My sister and I helped my mom decorate the Christmas tree today like we do every year. Afterwards, my mother and I were watching a movie and I looked over and saw Rajah (her 18 year old cat) napping under the tree. I then realized that this is our first Christmas without Meeka (Rajah's litter mate) and looked over at Meeka's box of ashes and got very sad. Meeka loved napping under the Christmas tree. I know Meeka is happier now, she was very sick, and lived a long and happy life, but I just feel sad and guilty celebrating without her. I get the same way about Reese, who died a few years ago. Does anyone else get like this?


----------



## marie73 (Jul 12, 2006)

Definitely. First Christmas without Cinderella.


----------



## Susan (Mar 29, 2010)

marie73 said:


> Definitely. First Christmas without Cinderella.

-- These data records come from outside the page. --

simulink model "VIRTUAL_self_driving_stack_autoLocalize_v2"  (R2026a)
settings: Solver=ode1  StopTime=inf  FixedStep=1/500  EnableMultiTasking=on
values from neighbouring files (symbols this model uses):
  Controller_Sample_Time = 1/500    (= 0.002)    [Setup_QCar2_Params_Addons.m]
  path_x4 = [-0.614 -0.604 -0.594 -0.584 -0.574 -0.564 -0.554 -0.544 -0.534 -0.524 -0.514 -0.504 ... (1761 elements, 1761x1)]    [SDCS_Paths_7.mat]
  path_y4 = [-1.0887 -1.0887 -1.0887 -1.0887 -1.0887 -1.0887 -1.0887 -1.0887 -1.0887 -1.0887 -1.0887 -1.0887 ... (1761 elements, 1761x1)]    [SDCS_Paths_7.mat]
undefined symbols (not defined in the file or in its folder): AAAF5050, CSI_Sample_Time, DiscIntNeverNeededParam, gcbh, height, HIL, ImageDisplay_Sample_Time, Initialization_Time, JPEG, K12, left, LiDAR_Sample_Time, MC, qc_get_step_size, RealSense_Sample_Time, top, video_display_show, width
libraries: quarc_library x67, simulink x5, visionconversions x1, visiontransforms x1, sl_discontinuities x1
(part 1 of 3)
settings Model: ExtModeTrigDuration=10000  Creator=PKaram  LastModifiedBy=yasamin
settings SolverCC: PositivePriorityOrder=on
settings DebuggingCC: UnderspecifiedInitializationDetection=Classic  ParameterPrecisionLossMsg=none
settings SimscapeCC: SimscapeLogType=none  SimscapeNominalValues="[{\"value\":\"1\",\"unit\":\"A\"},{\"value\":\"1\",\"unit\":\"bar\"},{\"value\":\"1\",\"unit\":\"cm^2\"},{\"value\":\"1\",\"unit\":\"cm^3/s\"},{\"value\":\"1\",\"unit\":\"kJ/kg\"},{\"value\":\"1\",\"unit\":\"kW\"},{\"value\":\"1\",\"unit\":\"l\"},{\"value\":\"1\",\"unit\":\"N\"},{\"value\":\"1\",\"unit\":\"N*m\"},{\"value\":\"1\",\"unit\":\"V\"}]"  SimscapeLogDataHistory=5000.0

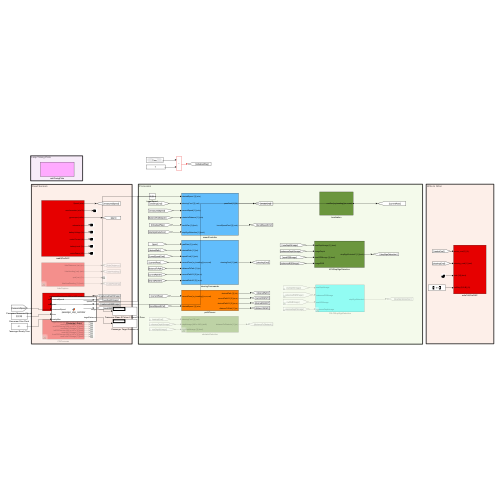
[thumbnail: Simulink's stored preview of the top-level diagram]
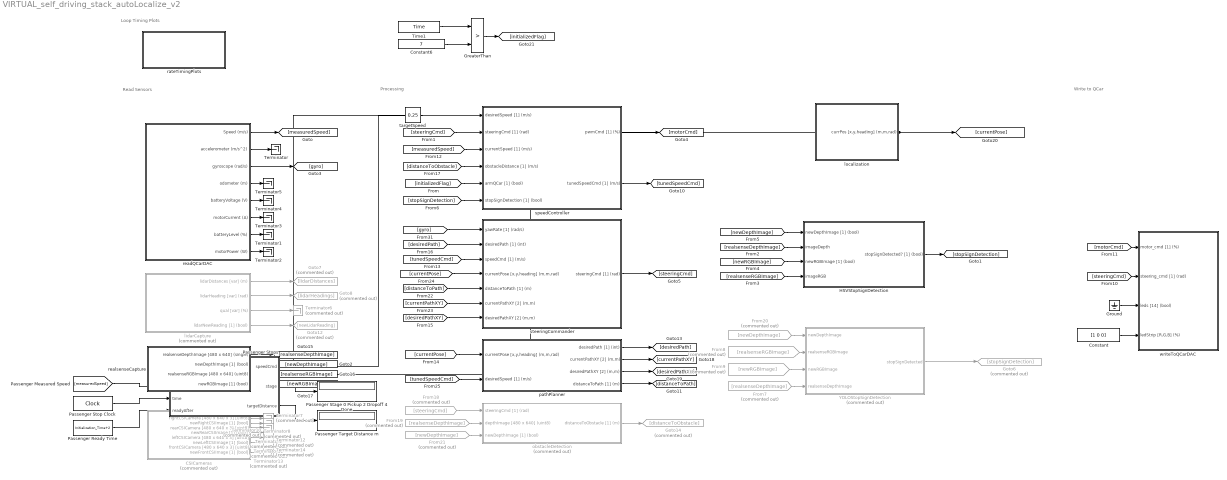
== system VIRTUAL_self_driving_stack_autoLocalize_v2 ==
  note: Loop Timing Plots
  note: Write to QCar
  note: Processing
  note: Read Sensors
  CSICameras : Subsystem  Commented=on
  Constant : Constant  Value=[1 0 0]
  Constant6 : Constant  Value=7
  From18 : From  Commented=on  GotoTag=steeringCmd
  From19 : From  Commented=on  GotoTag=realsenseDepthImage
  From20 : From  Commented=on  GotoTag=newDepthImage
  From21 : From  Commented=on  GotoTag=newDepthImage
  From7 : From  Commented=on  GotoTag=realsenseDepthImage
  From8 : From  Commented=on  GotoTag=realsenseRGBImage
  From9 : From  Commented=on  GotoTag=newRGBImage
  Goto12 : Goto  Commented=on  GotoTag=newLidarReading
  Goto14 : Goto  Commented=on  GotoTag=distanceToObstacle
  Goto6 : Goto  Commented=on  GotoTag=stopSignDetection
  Goto7 : Goto  Commented=on  GotoTag=lidarDistances
  Goto8 : Goto  Commented=on  GotoTag=lidarHeadings
  GreaterThan : RelationalOperator  Operator=>  OutDataTypeStr=boolean  RndMeth=Simplest  InputSameDT=off
  Ground : Ground
  HSVStopSignDetection : Subsystem
  Passenger Ready Time : Constant  Value=Initialization_Time+2
  Passenger Stage 0 Pickup 2 Dropoff 4 Done : Display
  Passenger Stop Clock : DigitalClock  SampleTime=Controller_Sample_Time
  Passenger Stops : MATLAB Function  TreatAsAtomicUnit=on
  Passenger Target Distance m : Display
  Terminator{,1..5} (6 alike) : Terminator
  Terminator{6..14} (9 alike) : Terminator  Commented=on
  Time1 : quarc_library/Sources/Time/Time  time_source=Wall clock  sample_time=Controller_Sample_Time
  YOLOStopSignDetection : Subsystem  Commented=on
  lidarCapture : Subsystem  Commented=on
  localization : Subsystem
  obstacleDetection : Subsystem  Commented=on
  pathPlanner : Subsystem
  rateTimingPlots : Subsystem
  readQCarDAC : Subsystem
  realsenseCapture : Subsystem
  speedController : Subsystem
  steeringCommander : Subsystem
  targetSpeed : Constant  Value=0.25
  writeToQCarDAC : Subsystem
  wires:
  readQCarDAC/6(motorCurrent (A)) -> Terminator3/1
  [tunedSpeedCmd] -> steeringCommander/3(speedCmd [1] (m/s))
  Constant/1 -> writeToQCarDAC/4(ledStrip [R,G,B] (%))
  pathPlanner/2(currentPathXY [2] (m,m)) -> [currentPathXY]
  lidarCapture/2(lidarHeading [var] (rad)) -> Goto8/1
  readQCarDAC/2(accelerometer (m/s^2)) -> Terminator/1
  Ground/1 -> writeToQCarDAC/3(leds [14] (bool))
  realsenseCapture/1(realsenseDepthImage [480 x 640] (single)) -> [realsenseDepthImage]
  [steeringCmd] -> writeToQCarDAC/2(steering_cmd [1] (rad))
  pathPlanner/4(distanceToPath [1] (m)) -> [distanceToPath]
  lidarCapture/1(lidarDistances [var] (m)) -> Goto7/1
  readQCarDAC/4(odometer (m)) -> Terminator5/1
  readQCarDAC/3(gyroscope (rad/s)) -> [gyro]
  pathPlanner/3(desiredPathXY [2] (m,m)) -> [desiredPathXY]
  From21/1 -> obstacleDetection/3(newDepthImage [1] (bool))
  [tunedSpeedCmd] -> pathPlanner/2(desiredSpeed [1] (m/s))
  readQCarDAC/5(batteryVoltage (V)) -> Terminator4/1
  readQCarDAC/1(Speed (m/s)) -> [measuredSpeed]
  speedController/2(tunedSpeedCmd [1] (m/s)) -> [tunedSpeedCmd]
  [distanceToObstacle] -> speedController/4(obstacleDistance [1] (m/s))
  [currentPathXY] -> steeringCommander/6(currentPathXY [2] (m,m))
  From19/1 -> obstacleDetection/2(depthImage [480 x 640] (uint8))
  readQCarDAC/8(motorPower (W)) -> Terminator2/1
  speedController/1(pwmCmd [1] (%)) -> [motorCmd]
  [initializedFlag] -> speedController/5(armQCar [1] (bool))
  [motorCmd] -> writeToQCarDAC/1(motor_cmd [1] (%))
  [steeringCmd] -> speedController/2(steeringCmd [1] (rad))
  lidarCapture/4(lidarNewReading [1] (bool)) -> Goto12/1
  [desiredPathXY] -> steeringCommander/7(desiredPathXY [2] (m,m))
  [distanceToPath] -> steeringCommander/5(distanceToPath [1] (m))
  realsenseCapture/4(newRGBImage [1] (bool)) -> [newRGBImage]
  lidarCapture/3(qual [var] (%)) -> Terminator6/1
  readQCarDAC/7(batteryLevel (%)) -> Terminator1/1
  [desiredPath] -> steeringCommander/2(desiredPath [1] (int))
  From18/1 -> obstacleDetection/1(steeringCmd [1] (rad))
  obstacleDetection/1(distanceToObstacle [1] (m)) -> Goto14/1
  [measuredSpeed] -> speedController/3(currentSpeed [1] (m/s))
  pathPlanner/1(desiredPath [1] (int)) -> [desiredPath]
  realsenseCapture/2(newDepthImage [1] (bool)) -> [newDepthImage]
  realsenseCapture/3("realsenseRGBImage [480 x 640] (uint8) ") -> [realsenseRGBImage]
  [currentPose] -> pathPlanner/1(currentPose [x,y,heading] (m,m,rad))
  [currentPose] -> steeringCommander/4(currentPose [x,y,heading] (m,m,rad))
  steeringCommander/1(steeringCmd [1] (rad)) -> [steeringCmd]
  [gyro] -> steeringCommander/1(yawRate [1] (rad/s))
  CSICameras/1(rightCSICamera [480 x 640 x 3] [uint8]) -> Terminator7/1
  CSICameras/2(newRightCSIImage [1] [bool]) -> Terminator8/1
  CSICameras/3(rearCSICamera [480 x 640 x 3] [uint8]) -> Terminator9/1
  CSICameras/4(newRearCSIImage [1] [bool]) -> Terminator10/1
  CSICameras/5(leftCSICamera [480 x 640 x 3] [uint8]) -> Terminator11/1
  CSICameras/6(newLeftCSIImage [1] [bool]) -> Terminator12/1
  CSICameras/7(frontCSICamera [480 x 640 x 3] [uint8]) -> Terminator13/1
  CSICameras/8(newFrontCSIImage [1] [bool]) -> Terminator14/1
  localization/1("currPos [x,y,heading] (m,m,rad) ") -> [currentPose], Passenger Stops/2(pose)
  Constant6/1 -> GreaterThan/2
  GreaterThan/1 -> [initializedFlag]
  Time1/1 -> GreaterThan/1
  [stopSignDetection] -> speedController/6(stopSignDetection [1] (bool))
  [newDepthImage] -> HSVStopSignDetection/1(newDepthImage [1] (bool))
  [realsenseDepthImage] -> HSVStopSignDetection/2(imageDepth)
  [newRGBImage] -> HSVStopSignDetection/3(newRGBImage [1] (bool))
  [realsenseRGBImage] -> HSVStopSignDetection/4(imageRGB)
  HSVStopSignDetection/1(stopSignDetected? [1] (bool)) -> [stopSignDetection]
  From20/1 -> YOLOStopSignDetection/1(newDepthImage)
  From7/1 -> YOLOStopSignDetection/4(realsenseDepthImage)
  From9/1 -> YOLOStopSignDetection/3(newRGBImage)
  YOLOStopSignDetection/1(stopSignDetected) -> Goto6/1
  From8/1 -> YOLOStopSignDetection/2(realsenseRGBImage)
  targetSpeed/1 -> Passenger Stops/1(nominalSpeed)
  [measuredSpeed] -> Passenger Stops/3(measuredSpeed)
  Passenger Stop Clock/1 -> Passenger Stops/4(time)
  Passenger Ready Time/1 -> Passenger Stops/5(readyAfter)
  Passenger Stops/1(speedCmd) -> speedController/1(desiredSpeed [1] (m/s))
  Passenger Stops/2(stage) -> Passenger Stage 0 Pickup 2 Dropoff 4 Done/1
  Passenger Stops/3(targetDistance) -> Passenger Target Distance m/1

== system VIRTUAL_self_driving_stack_autoLocalize_v2/CSICameras ==
  Video Compressed Display : Subsystem  Commented=on  LoadFcn=set_param(gcbh, 'UserData', gcb);  StartFcn=video_display_show([gcb, '/Video Display'], 'add', gcb);  mask(Video Compressed Display){algorithm=JPEG, quality=50, sample_time=-1, use_hardware=on}
      mask prompts: algorithm "Compression algorithm:"; quality "Compression quality (0-100):"; sample_time "Sample time (seconds):"; use_hardware "Use hardware acceleration for video display"
      mask help: Displays a video stream on the host, using compression to minimize bandwidth.
      mask init:
      | qc_set_display('Video\nCompressed\nDisplay');
      settings: UndoDeleteFcn=set_param(gcbh, 'UserData', gcb);  OpenFcn=video_display_show([gcb, '/Video Display'], 'show', gcb);  PreDeleteFcn=video_display_show([gcb, '/Video Display'], 'delete');
      settings: CopyFcn=|
      | set_param(gcbh, 'UserData', gcb);
      | set_param(gcbh, 'LinkStatus', 'none');
      settings: NameChangeFcn=|
      | video_display_show([get_param(gcbh, 'UserData'), '/Video Display'], 'rename', [gcb, '/Video Display']);
      | video_display_show([gcb, '/Video Display'], 'add', gcb);
      | set_param(gcbh, 'UserData', gcb);
      mask Help: web(qc_get_block_help_path(gcb));
      mask TypeOptions algorithm: Image Compress/algorithm
      mask TypeOptions quality: Image Compress/quality
      mask TypeOptions sample_time: Video Display/sample_time
      mask TypeOptions use_hardware: Video Display/use_hardware
      mask Display:
      | patch([0.98591 0.98591 0.62618 0.59072 0.56147   0.536   0.536  0.5441 0.56912 0.59207 0.60881 0.62276 0.63527 0.64364  0.6485  0.6485 0.64706 0.64499 0.63662 0.62411 0.61232 0.59837 0.58307 0.56147   0.536   0.536  0.5441  0.5747 0.60953 0.63662 0.67001  0.7034 0.72851 0.75425 0.77927 0.80294 0.82454 0.84119 0.85865 0.87395 0.88574 0.89339  0.8969 0.89969 0.89969 0.89267  0.8816 0.87044 0.85649  0.8384 0.81824 0.80294 0.78764 0.77513 0.76676 0.75776 0.76397 0.77513 0.79178 0.80987 0.82796 0.84326 0.86207 0.98528],[0.18689 0.05522 0.05522 0.05171 0.05171    0.05 0.18338 0.18338 0.19148 0.20435 0.22298 0.24863 0.28589 0.33125 0.38138 0.55139 0.59801 0.63761 0.68189 0.72149 0.74939 0.76694 0.77855 0.79367 0.79952 0.92768 0.92768 0.92768 0.92417 0.92066 0.91364  0.9032 0.89384 0.88106 0.86594 0.85073 0.82634 0.80537 0.77855 0.74363 0.70403 0.65858 0.61079 0.59099 0.41513 0.37202 0.31847 0.29048 0.25556 0.23342  0.2102 0.19382 0.18221 0.17285 0.16943 0.16124  0.1589 0.16241 0.16709 0.17168  0.1787 0.18221 0.18689 0.18689],[0.9,0.90,0.91])
      | patch([0.536 0.52601 0.46823 0.44528 0.41603 0.39101 0.35555 0.33116 0.31451 0.29291  0.2804 0.26717 0.25322 0.23999 0.22406 0.20732 0.19337 0.17528 0.15935 0.14396 0.13217 0.11759 0.10922 0.10085 0.09671 0.09392 0.09041 0.08906 0.08906 0.09464  0.0995 0.10778 0.11894 0.13145 0.14675 0.16349 0.17672 0.19409 0.20732 0.22406 0.23999 0.26159 0.27833 0.29849 0.31793 0.33602 0.35411 0.37085 0.39245 0.41603   0.536   0.536 0.53159 0.46409   0.446 0.42026 0.39587 0.37571 0.36113 0.34925 0.34088 0.33809 0.33809 0.34088 0.34583 0.35627 0.36392 0.38129 0.39587 0.41117 0.42719 0.44672  0.4676 0.48353 0.48353 0.52394   0.536],[0.05 0.04829 0.04712 0.04712 0.04829 0.05063 0.05405 0.05873 0.06107 0.06692 0.07043 0.07619 0.08087 0.08672 0.09482 0.10652 0.11696 0.13325  0.1508 0.17168 0.19499 0.22415 0.25439 0.28472 0.31379 0.35456 0.38489 0.41513 0.58055 0.63878 0.68774 0.72149 0.75641 0.78089 0.80537 0.82859 0.84029 0.85658 0.86594 0.87404  0.8834 0.89267 0.90086 0.90788 0.91247 0.91832 0.92066   0.923 0.92651 0.92768 0.92768 0.79952 0.79952 0.79952 0.79718 0.78899 0.77153 0.75056 0.72149 0.68072 0.62249  0.5549 0.41396 0.37085 0.33242 0.28121 0.25205 0.22181 0.20552 0.19499 0.18572 0.18221 0.17753 0.17636 0.17753  0.1787  0.1787],[0.9,0.90,0.91])
      | disp('Video\nCompressed\nDisplay');
  Video Compressed Display1 : Subsystem  Commented=on  LoadFcn=set_param(gcbh, 'UserData', gcb);  StartFcn=video_display_show([gcb, '/Video Display'], 'add', gcb);  mask(Video Compressed Display){algorithm=JPEG, quality=50, sample_time=-1, use_hardware=on}
      mask prompts: algorithm "Compression algorithm:"; quality "Compression quality (0-100):"; sample_time "Sample time (seconds):"; use_hardware "Use hardware acceleration for video display"
      mask help: Displays a video stream on the host, using compression to minimize bandwidth.
      mask init:
      | qc_set_display('Video\nCompressed\nDisplay');
      settings: UndoDeleteFcn=set_param(gcbh, 'UserData', gcb);  OpenFcn=video_display_show([gcb, '/Video Display'], 'show', gcb);  PreDeleteFcn=video_display_show([gcb, '/Video Display'], 'delete');
      settings: CopyFcn=|
      | set_param(gcbh, 'UserData', gcb);
      | set_param(gcbh, 'LinkStatus', 'none');
      settings: NameChangeFcn=|
      | video_display_show([get_param(gcbh, 'UserData'), '/Video Display'], 'rename', [gcb, '/Video Display']);
      | video_display_show([gcb, '/Video Display'], 'add', gcb);
      | set_param(gcbh, 'UserData', gcb);
      mask Help: web(qc_get_block_help_path(gcb));
      mask TypeOptions algorithm: Image Compress/algorithm
      mask TypeOptions quality: Image Compress/quality
      mask TypeOptions sample_time: Video Display/sample_time
      mask TypeOptions use_hardware: Video Display/use_hardware
      mask Display:
      | patch([0.98591 0.98591 0.62618 0.59072 0.56147   0.536   0.536  0.5441 0.56912 0.59207 0.60881 0.62276 0.63527 0.64364  0.6485  0.6485 0.64706 0.64499 0.63662 0.62411 0.61232 0.59837 0.58307 0.56147   0.536   0.536  0.5441  0.5747 0.60953 0.63662 0.67001  0.7034 0.72851 0.75425 0.77927 0.80294 0.82454 0.84119 0.85865 0.87395 0.88574 0.89339  0.8969 0.89969 0.89969 0.89267  0.8816 0.87044 0.85649  0.8384 0.81824 0.80294 0.78764 0.77513 0.76676 0.75776 0.76397 0.77513 0.79178 0.80987 0.82796 0.84326 0.86207 0.98528],[0.18689 0.05522 0.05522 0.05171 0.05171    0.05 0.18338 0.18338 0.19148 0.20435 0.22298 0.24863 0.28589 0.33125 0.38138 0.55139 0.59801 0.63761 0.68189 0.72149 0.74939 0.76694 0.77855 0.79367 0.79952 0.92768 0.92768 0.92768 0.92417 0.92066 0.91364  0.9032 0.89384 0.88106 0.86594 0.85073 0.82634 0.80537 0.77855 0.74363 0.70403 0.65858 0.61079 0.59099 0.41513 0.37202 0.31847 0.29048 0.25556 0.23342  0.2102 0.19382 0.18221 0.17285 0.16943 0.16124  0.1589 0.16241 0.16709 0.17168  0.1787 0.18221 0.18689 0.18689],[0.9,0.90,0.91])
      | patch([0.536 0.52601 0.46823 0.44528 0.41603 0.39101 0.35555 0.33116 0.31451 0.29291  0.2804 0.26717 0.25322 0.23999 0.22406 0.20732 0.19337 0.17528 0.15935 0.14396 0.13217 0.11759 0.10922 0.10085 0.09671 0.09392 0.09041 0.08906 0.08906 0.09464  0.0995 0.10778 0.11894 0.13145 0.14675 0.16349 0.17672 0.19409 0.20732 0.22406 0.23999 0.26159 0.27833 0.29849 0.31793 0.33602 0.35411 0.37085 0.39245 0.41603   0.536   0.536 0.53159 0.46409   0.446 0.42026 0.39587 0.37571 0.36113 0.34925 0.34088 0.33809 0.33809 0.34088 0.34583 0.35627 0.36392 0.38129 0.39587 0.41117 0.42719 0.44672  0.4676 0.48353 0.48353 0.52394   0.536],[0.05 0.04829 0.04712 0.04712 0.04829 0.05063 0.05405 0.05873 0.06107 0.06692 0.07043 0.07619 0.08087 0.08672 0.09482 0.10652 0.11696 0.13325  0.1508 0.17168 0.19499 0.22415 0.25439 0.28472 0.31379 0.35456 0.38489 0.41513 0.58055 0.63878 0.68774 0.72149 0.75641 0.78089 0.80537 0.82859 0.84029 0.85658 0.86594 0.87404  0.8834 0.89267 0.90086 0.90788 0.91247 0.91832 0.92066   0.923 0.92651 0.92768 0.92768 0.79952 0.79952 0.79952 0.79718 0.78899 0.77153 0.75056 0.72149 0.68072 0.62249  0.5549 0.41396 0.37085 0.33242 0.28121 0.25205 0.22181 0.20552 0.19499 0.18572 0.18221 0.17753 0.17636 0.17753  0.1787  0.1787],[0.9,0.90,0.91])
      | disp('Video\nCompressed\nDisplay');
  Video Compressed Display2 : Subsystem  Commented=on  LoadFcn=set_param(gcbh, 'UserData', gcb);  StartFcn=video_display_show([gcb, '/Video Display'], 'add', gcb);  mask(Video Compressed Display){algorithm=JPEG, quality=50, sample_time=-1, use_hardware=on}
      mask prompts: algorithm "Compression algorithm:"; quality "Compression quality (0-100):"; sample_time "Sample time (seconds):"; use_hardware "Use hardware acceleration for video display"
      mask help: Displays a video stream on the host, using compression to minimize bandwidth.
      mask init:
      | qc_set_display('Video\nCompressed\nDisplay');
      settings: UndoDeleteFcn=set_param(gcbh, 'UserData', gcb);  OpenFcn=video_display_show([gcb, '/Video Display'], 'show', gcb);  PreDeleteFcn=video_display_show([gcb, '/Video Display'], 'delete');
      settings: CopyFcn=|
      | set_param(gcbh, 'UserData', gcb);
      | set_param(gcbh, 'LinkStatus', 'none');
      settings: NameChangeFcn=|
      | video_display_show([get_param(gcbh, 'UserData'), '/Video Display'], 'rename', [gcb, '/Video Display']);
      | video_display_show([gcb, '/Video Display'], 'add', gcb);
      | set_param(gcbh, 'UserData', gcb);
      mask Help: web(qc_get_block_help_path(gcb));
      mask TypeOptions algorithm: Image Compress/algorithm
      mask TypeOptions quality: Image Compress/quality
      mask TypeOptions sample_time: Video Display/sample_time
      mask TypeOptions use_hardware: Video Display/use_hardware
      mask Display:
      | patch([0.98591 0.98591 0.62618 0.59072 0.56147   0.536   0.536  0.5441 0.56912 0.59207 0.60881 0.62276 0.63527 0.64364  0.6485  0.6485 0.64706 0.64499 0.63662 0.62411 0.61232 0.59837 0.58307 0.56147   0.536   0.536  0.5441  0.5747 0.60953 0.63662 0.67001  0.7034 0.72851 0.75425 0.77927 0.80294 0.82454 0.84119 0.85865 0.87395 0.88574 0.89339  0.8969 0.89969 0.89969 0.89267  0.8816 0.87044 0.85649  0.8384 0.81824 0.80294 0.78764 0.77513 0.76676 0.75776 0.76397 0.77513 0.79178 0.80987 0.82796 0.84326 0.86207 0.98528],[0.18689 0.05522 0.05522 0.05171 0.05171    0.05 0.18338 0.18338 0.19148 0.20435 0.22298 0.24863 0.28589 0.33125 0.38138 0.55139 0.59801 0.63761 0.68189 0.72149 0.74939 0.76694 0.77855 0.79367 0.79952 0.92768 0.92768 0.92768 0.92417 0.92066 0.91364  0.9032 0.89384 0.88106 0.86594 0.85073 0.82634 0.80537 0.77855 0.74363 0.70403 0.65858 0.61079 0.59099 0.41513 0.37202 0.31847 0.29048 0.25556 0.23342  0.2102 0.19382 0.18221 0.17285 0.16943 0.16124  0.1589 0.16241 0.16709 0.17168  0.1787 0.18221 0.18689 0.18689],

The first one is always the hardest. atback


----------



## Time Bandit (Aug 17, 2010)

Oh yes. Triton, my Dalmatian, has been gone for years now, but every time I set up my tree I can picture him laying on the tree skirt among the glittering lights and decorations, the colors reflecting on his white coat, which was his favorite spot during the holidays. He'd get into the presents and try to open them himself, which was always hilarious...everything under the tree was his!

This is my first Christmas with the kitties, and I'm sure they'll make it a little easier for me. I haven't had a Christmas with animals around since Triton. I miss that.


----------



## Mitts & Tess (Sep 4, 2004)

Ive shed tears everyday since my Mz Tess passed. I think holidays make memories harder to take. So sorry for your loss. I know it paings your heart just thinking about it. My heart goes out to you.


----------



## FurryMisty (Dec 11, 2010)

I do as I lost and loving pet last October 2009 and she was a 6 year old calico spayed female named Taffy. :love2 She would meow all the time and loved the outdoors and chasing things like birds, mice, balls. She loved to eat all the time. She always slept with me but she got ill in July 2009 when she got a seizure and I took her to the emergency clinic and they gave her pills and never did any tests. A month later she went in for her shots and I told her vet that she had a seizure but they never ran any tests either. Finally on October 21st at night and all through the morning of October 22nd she was having a seizure and even threw up and I got her into the vet's and they put her on an I.V and was going to do a blood test but they never got around to it as she had a severe seizure and her heart stopped. The vet tried to revive her but couldn't and he called me after dinner to tell me that she passed away. I had to pick her up and bury her.  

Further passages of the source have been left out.